2. Description of the Related Art Conventionally, a plurality of pixel driving elements are arranged corresponding to liquid crystal pixels, a plurality of data lines connected to each pixel driving element arranged in a vertical scanning direction, and a plurality of pixel driving elements are arranged in a horizontal scanning direction. A plurality of scan lines connected to the pixel drive element, and sequentially supplies a vertical synchronization signal to the scan line and a video signal to the data line, thereby driving the pixel drive element and driving the liquid crystal pixel. There is known a liquid crystal display device for controlling the speed.

[0003]

In the above-described conventional liquid crystal display device, when a DC voltage is applied to the liquid crystal, the specific resistance of the liquid crystal is degraded. Common voltage V applied to electrodes
com. Therefore, in each pixel driven by the liquid crystal, there are a pixel that holds a high-level potential in AC driving and a pixel that holds a low-level potential. Therefore, when the power is turned off, the voltage (Vcom) of the counter electrode gradually decreases to Vss. At this time, the pixel holding the high-level potential and the low-level potential are held. A difference is generated in the DC electric field between the pixels that have been used, and the image is disturbed due to the variation in the DC electric field. This disturbance also depends on the leak characteristics of each pixel when the power is turned off. If the characteristics vary, the manner of the disturbance becomes random, and the disturbance on the screen becomes more severe.
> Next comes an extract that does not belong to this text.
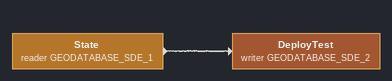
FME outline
State (reader GEODATABASE_SDE_1)
    -> DeployTest (writer GEODATABASE_SDE_2)
DeployTest (writer GEODATABASE_SDE_2)

SUMMARY OF THE INVENTION It is an object of the present invention to provide a liquid crystal display device capable of eliminating variations in the electric field of each pixel when the power is turned off and preventing screen disturbance.

[0005]

In order to achieve the above object, a liquid crystal display device according to the present invention has a plurality of pixel driving elements arranged in a matrix corresponding to liquid crystal pixels and arranged in a vertical scanning direction. A plurality of data lines connected to each pixel driving element, and a plurality of scan lines connected to each pixel driving element arranged in the horizontal scanning direction,
A liquid crystal display device that controls a liquid crystal pixel by driving the pixel driving element by supplying a video signal to the data line while sequentially supplying a vertical synchronization signal to the scan line. And a collective control means for simultaneously turning on all of the scan lines, and immediately before turning off the power, the collective control means sets the potential of the pixel driving element corresponding to each pixel. It is characterized by common control.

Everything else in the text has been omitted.